WORK TO COMPLETE:
Reproduce the lines below exactly. Begin with the first, end with the line containing "U9: MCP3421A1T-ECH; SOT-23-6", and leave out the pictures.

(INPUT DATA)

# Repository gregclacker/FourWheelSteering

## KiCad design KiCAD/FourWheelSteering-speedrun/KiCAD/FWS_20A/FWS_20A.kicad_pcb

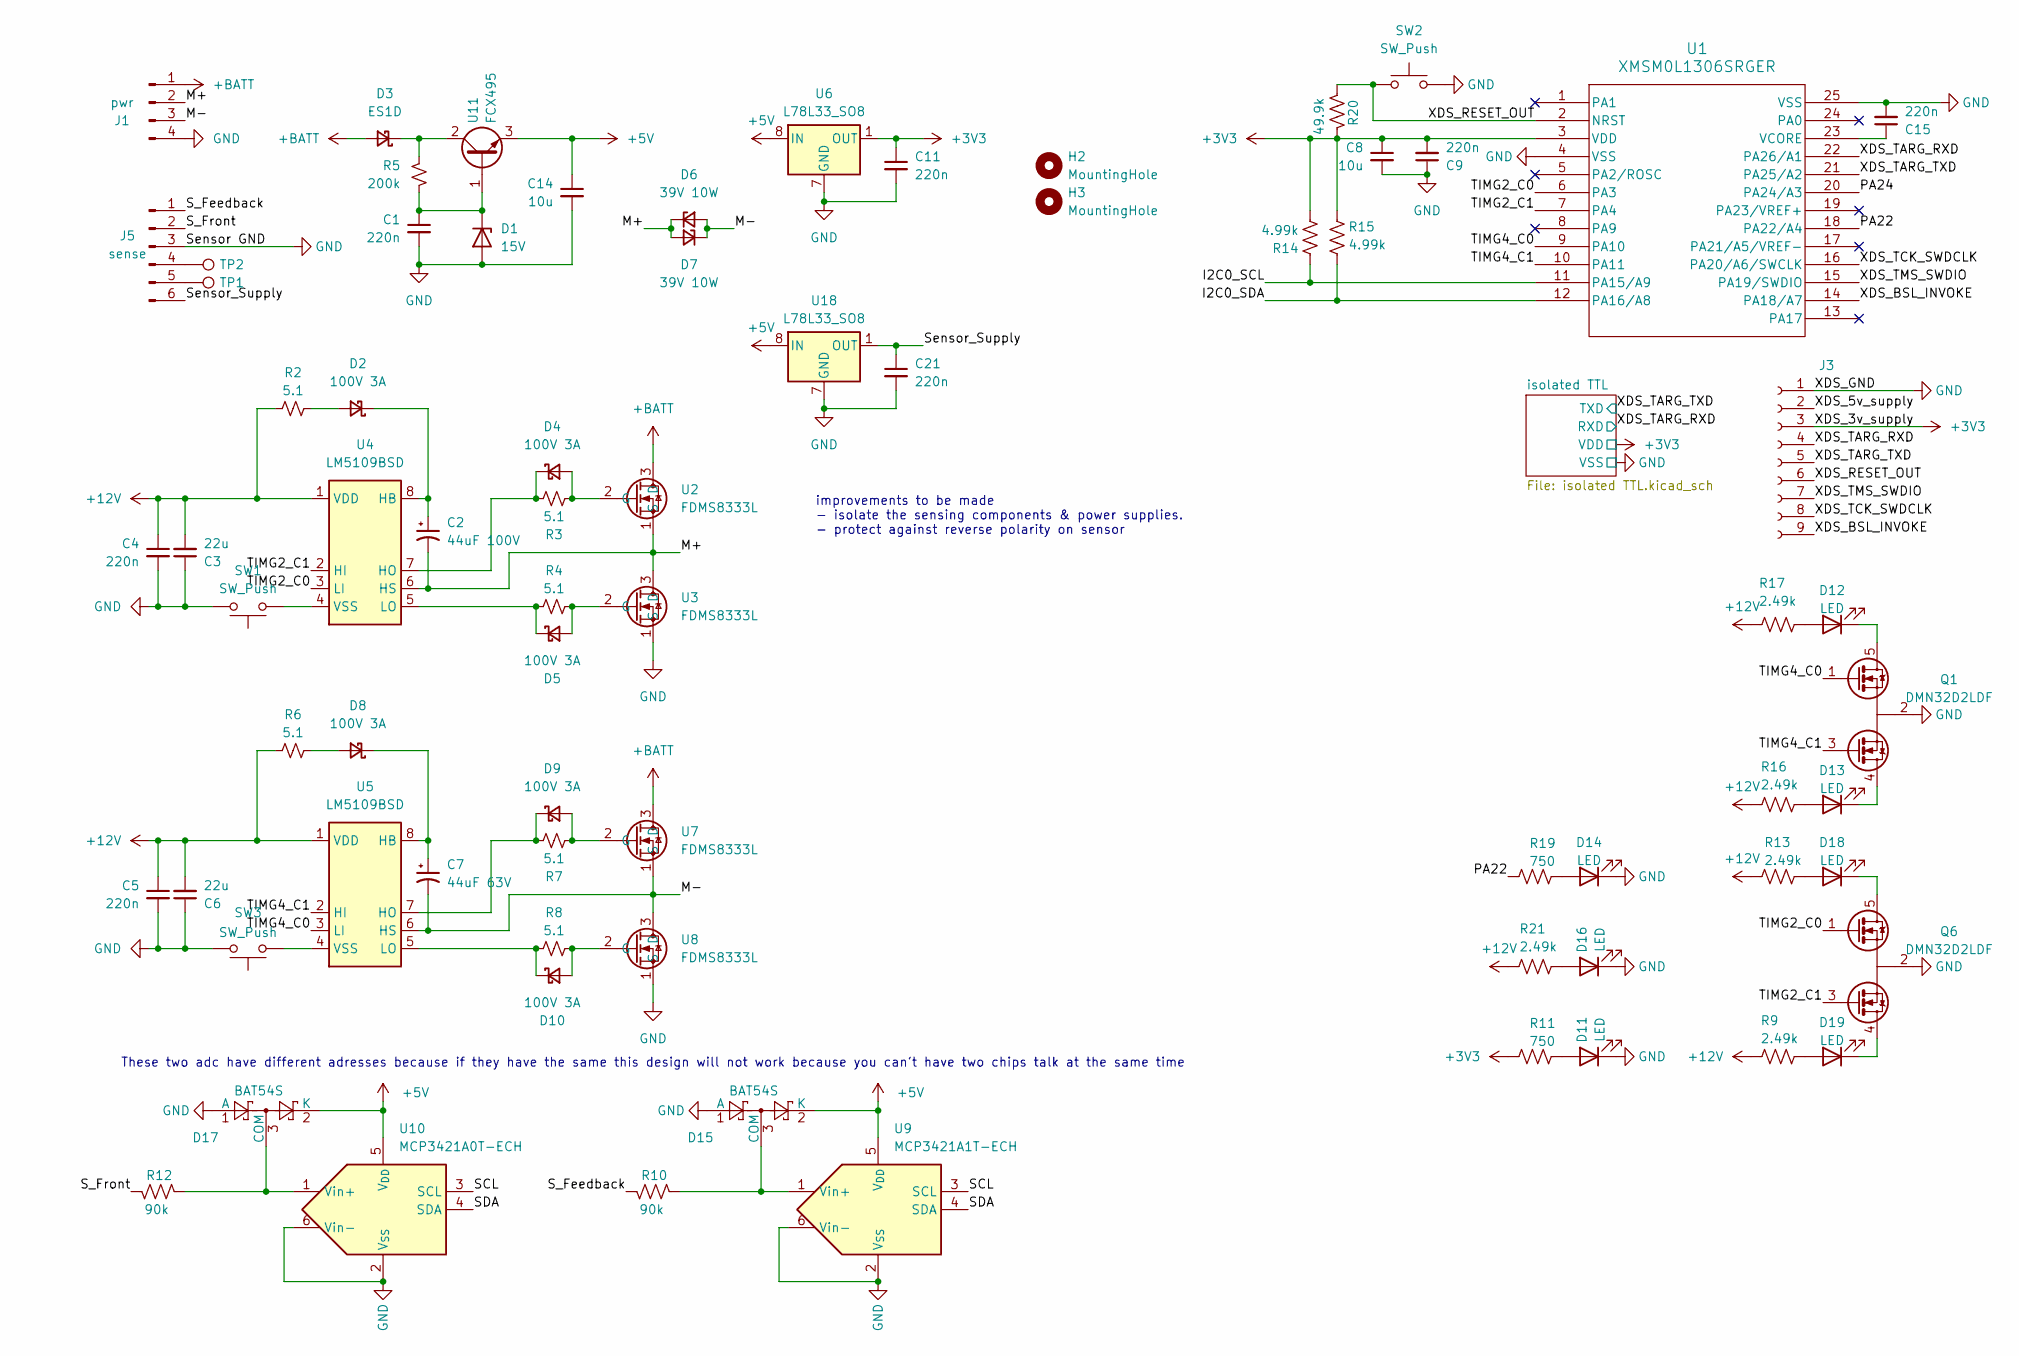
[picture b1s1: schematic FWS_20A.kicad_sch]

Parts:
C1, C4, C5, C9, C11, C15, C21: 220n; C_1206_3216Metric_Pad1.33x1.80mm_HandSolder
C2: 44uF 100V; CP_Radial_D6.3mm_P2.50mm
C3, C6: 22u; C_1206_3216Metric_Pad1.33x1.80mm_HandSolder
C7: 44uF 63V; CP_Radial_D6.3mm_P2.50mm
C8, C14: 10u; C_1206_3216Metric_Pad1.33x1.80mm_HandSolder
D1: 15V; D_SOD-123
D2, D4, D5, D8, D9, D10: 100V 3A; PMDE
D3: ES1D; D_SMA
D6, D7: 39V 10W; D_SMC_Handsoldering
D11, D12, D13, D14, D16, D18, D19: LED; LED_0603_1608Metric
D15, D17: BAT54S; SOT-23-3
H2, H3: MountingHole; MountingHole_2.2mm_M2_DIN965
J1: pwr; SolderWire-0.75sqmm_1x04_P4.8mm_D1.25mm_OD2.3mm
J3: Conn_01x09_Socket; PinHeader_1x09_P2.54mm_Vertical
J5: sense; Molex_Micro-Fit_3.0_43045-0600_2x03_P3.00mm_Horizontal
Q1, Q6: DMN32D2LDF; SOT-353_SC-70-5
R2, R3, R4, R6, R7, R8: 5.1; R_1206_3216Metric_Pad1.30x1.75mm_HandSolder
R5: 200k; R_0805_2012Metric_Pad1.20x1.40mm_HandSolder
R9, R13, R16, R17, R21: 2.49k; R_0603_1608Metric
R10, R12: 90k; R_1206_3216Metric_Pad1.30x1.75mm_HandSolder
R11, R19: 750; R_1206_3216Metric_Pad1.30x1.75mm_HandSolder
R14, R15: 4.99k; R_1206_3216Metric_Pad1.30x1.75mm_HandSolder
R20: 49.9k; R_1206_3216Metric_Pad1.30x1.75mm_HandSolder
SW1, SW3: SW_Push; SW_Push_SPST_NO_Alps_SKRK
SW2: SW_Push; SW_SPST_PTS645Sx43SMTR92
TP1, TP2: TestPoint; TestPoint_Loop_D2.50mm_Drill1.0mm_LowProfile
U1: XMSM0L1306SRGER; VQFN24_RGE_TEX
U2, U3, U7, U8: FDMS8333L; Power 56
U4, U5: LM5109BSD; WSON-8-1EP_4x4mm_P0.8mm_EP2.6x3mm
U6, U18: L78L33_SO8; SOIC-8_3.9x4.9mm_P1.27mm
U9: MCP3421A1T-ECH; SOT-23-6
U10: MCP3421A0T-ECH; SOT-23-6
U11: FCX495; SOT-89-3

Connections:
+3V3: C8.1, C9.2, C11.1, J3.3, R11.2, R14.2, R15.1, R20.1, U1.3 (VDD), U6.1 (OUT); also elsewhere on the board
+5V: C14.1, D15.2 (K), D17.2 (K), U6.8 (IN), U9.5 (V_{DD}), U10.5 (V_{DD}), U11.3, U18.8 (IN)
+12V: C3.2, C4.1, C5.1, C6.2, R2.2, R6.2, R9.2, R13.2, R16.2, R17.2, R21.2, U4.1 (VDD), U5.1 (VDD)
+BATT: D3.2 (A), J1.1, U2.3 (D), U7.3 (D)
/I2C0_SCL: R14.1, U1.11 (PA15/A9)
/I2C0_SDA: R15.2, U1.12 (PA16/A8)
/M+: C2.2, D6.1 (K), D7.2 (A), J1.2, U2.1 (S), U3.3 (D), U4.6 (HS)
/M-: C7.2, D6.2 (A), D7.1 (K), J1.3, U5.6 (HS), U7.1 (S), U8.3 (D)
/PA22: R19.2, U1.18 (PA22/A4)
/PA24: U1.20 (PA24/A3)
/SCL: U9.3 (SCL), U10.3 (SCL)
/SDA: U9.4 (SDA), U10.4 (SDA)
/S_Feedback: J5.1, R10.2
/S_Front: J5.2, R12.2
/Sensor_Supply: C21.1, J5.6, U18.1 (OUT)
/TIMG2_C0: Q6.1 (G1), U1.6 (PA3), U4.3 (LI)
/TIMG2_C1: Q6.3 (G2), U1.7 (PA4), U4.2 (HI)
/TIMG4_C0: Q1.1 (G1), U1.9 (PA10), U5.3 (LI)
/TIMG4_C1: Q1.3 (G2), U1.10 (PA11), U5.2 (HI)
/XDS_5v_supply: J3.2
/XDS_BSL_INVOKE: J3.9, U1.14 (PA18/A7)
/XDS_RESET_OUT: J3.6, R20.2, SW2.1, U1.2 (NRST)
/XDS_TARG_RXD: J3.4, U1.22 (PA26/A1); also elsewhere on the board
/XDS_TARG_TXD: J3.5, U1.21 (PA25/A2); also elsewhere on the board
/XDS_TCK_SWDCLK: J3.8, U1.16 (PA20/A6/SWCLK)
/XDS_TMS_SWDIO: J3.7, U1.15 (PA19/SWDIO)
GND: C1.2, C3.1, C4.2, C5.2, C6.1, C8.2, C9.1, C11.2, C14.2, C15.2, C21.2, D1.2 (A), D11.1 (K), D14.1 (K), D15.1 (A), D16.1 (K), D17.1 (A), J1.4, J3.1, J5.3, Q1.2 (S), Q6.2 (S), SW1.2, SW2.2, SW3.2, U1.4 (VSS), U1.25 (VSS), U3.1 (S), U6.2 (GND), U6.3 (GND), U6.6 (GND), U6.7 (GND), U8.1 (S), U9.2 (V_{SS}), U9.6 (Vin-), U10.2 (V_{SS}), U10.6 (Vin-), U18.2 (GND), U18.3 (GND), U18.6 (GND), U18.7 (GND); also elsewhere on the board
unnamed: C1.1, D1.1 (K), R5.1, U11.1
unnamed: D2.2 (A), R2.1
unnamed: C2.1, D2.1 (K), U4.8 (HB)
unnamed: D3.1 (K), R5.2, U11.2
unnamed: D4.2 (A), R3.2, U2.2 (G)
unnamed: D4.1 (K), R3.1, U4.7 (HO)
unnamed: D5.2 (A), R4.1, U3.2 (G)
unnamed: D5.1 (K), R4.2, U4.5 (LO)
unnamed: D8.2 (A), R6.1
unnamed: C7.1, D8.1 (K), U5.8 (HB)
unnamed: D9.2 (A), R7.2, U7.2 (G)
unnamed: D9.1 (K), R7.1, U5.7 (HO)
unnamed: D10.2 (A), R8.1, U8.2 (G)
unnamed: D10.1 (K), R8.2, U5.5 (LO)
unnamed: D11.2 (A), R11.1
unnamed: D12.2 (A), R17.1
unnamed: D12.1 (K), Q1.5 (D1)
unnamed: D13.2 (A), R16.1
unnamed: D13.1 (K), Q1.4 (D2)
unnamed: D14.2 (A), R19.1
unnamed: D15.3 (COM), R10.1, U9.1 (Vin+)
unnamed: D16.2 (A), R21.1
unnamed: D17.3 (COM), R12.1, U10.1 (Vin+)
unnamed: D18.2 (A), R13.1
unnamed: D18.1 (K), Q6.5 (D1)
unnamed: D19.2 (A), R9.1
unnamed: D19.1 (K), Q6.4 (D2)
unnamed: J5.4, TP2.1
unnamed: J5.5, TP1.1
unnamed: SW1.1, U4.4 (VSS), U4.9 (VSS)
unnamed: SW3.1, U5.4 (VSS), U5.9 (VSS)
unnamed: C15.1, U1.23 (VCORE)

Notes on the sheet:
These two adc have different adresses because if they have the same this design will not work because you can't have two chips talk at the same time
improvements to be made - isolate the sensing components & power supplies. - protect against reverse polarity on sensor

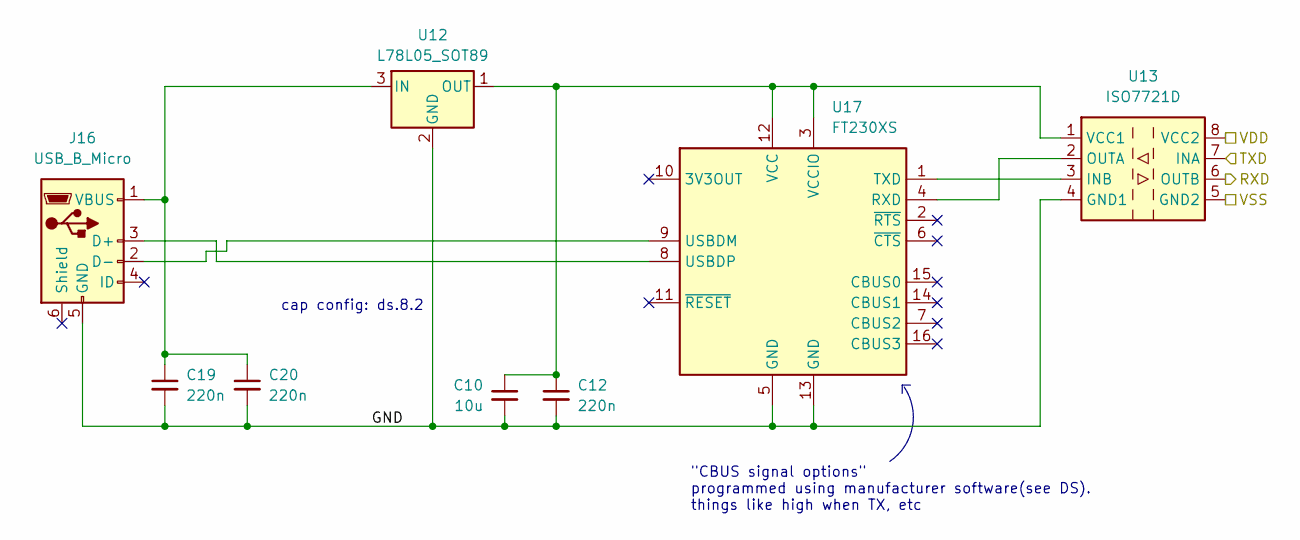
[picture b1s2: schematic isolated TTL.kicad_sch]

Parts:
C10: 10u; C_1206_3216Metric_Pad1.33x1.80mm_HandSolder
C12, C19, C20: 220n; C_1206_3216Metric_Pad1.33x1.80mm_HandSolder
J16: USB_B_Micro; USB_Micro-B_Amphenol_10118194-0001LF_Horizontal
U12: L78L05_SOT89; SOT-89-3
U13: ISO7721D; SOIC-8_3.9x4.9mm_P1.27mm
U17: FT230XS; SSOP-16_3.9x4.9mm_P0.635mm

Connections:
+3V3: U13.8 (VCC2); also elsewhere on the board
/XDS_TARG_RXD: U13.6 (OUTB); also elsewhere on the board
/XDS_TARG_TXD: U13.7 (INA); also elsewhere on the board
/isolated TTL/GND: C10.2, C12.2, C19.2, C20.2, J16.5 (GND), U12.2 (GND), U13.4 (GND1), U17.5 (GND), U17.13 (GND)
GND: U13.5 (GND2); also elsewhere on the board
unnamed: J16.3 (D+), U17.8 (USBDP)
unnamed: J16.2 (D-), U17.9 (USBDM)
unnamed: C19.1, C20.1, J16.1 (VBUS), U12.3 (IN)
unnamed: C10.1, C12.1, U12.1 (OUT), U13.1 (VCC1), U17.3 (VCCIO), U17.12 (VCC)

(End INPUT DATA)

RESPONSE:
# Repository gregclacker/FourWheelSteering

## KiCad design KiCAD/FourWheelSteering-speedrun/KiCAD/FWS_20A/FWS_20A.kicad_pcb

[picture b1s1: schematic FWS_20A.kicad_sch]

Parts:
C1, C4, C5, C9, C11, C15, C21: 220n; C_1206_3216Metric_Pad1.33x1.80mm_HandSolder
C2: 44uF 100V; CP_Radial_D6.3mm_P2.50mm
C3, C6: 22u; C_1206_3216Metric_Pad1.33x1.80mm_HandSolder
C7: 44uF 63V; CP_Radial_D6.3mm_P2.50mm
C8, C14: 10u; C_1206_3216Metric_Pad1.33x1.80mm_HandSolder
D1: 15V; D_SOD-123
D2, D4, D5, D8, D9, D10: 100V 3A; PMDE
D3: ES1D; D_SMA
D6, D7: 39V 10W; D_SMC_Handsoldering
D11, D12, D13, D14, D16, D18, D19: LED; LED_0603_1608Metric
D15, D17: BAT54S; SOT-23-3
H2, H3: MountingHole; MountingHole_2.2mm_M2_DIN965
J1: pwr; SolderWire-0.75sqmm_1x04_P4.8mm_D1.25mm_OD2.3mm
J3: Conn_01x09_Socket; PinHeader_1x09_P2.54mm_Vertical
J5: sense; Molex_Micro-Fit_3.0_43045-0600_2x03_P3.00mm_Horizontal
Q1, Q6: DMN32D2LDF; SOT-353_SC-70-5
R2, R3, R4, R6, R7, R8: 5.1; R_1206_3216Metric_Pad1.30x1.75mm_HandSolder
R5: 200k; R_0805_2012Metric_Pad1.20x1.40mm_HandSolder
R9, R13, R16, R17, R21: 2.49k; R_0603_1608Metric
R10, R12: 90k; R_1206_3216Metric_Pad1.30x1.75mm_HandSolder
R11, R19: 750; R_1206_3216Metric_Pad1.30x1.75mm_HandSolder
R14, R15: 4.99k; R_1206_3216Metric_Pad1.30x1.75mm_HandSolder
R20: 49.9k; R_1206_3216Metric_Pad1.30x1.75mm_HandSolder
SW1, SW3: SW_Push; SW_Push_SPST_NO_Alps_SKRK
SW2: SW_Push; SW_SPST_PTS645Sx43SMTR92
TP1, TP2: TestPoint; TestPoint_Loop_D2.50mm_Drill1.0mm_LowProfile
U1: XMSM0L1306SRGER; VQFN24_RGE_TEX
U2, U3, U7, U8: FDMS8333L; Power 56
U4, U5: LM5109BSD; WSON-8-1EP_4x4mm_P0.8mm_EP2.6x3mm
U6, U18: L78L33_SO8; SOIC-8_3.9x4.9mm_P1.27mm
U9: MCP3421A1T-ECH; SOT-23-6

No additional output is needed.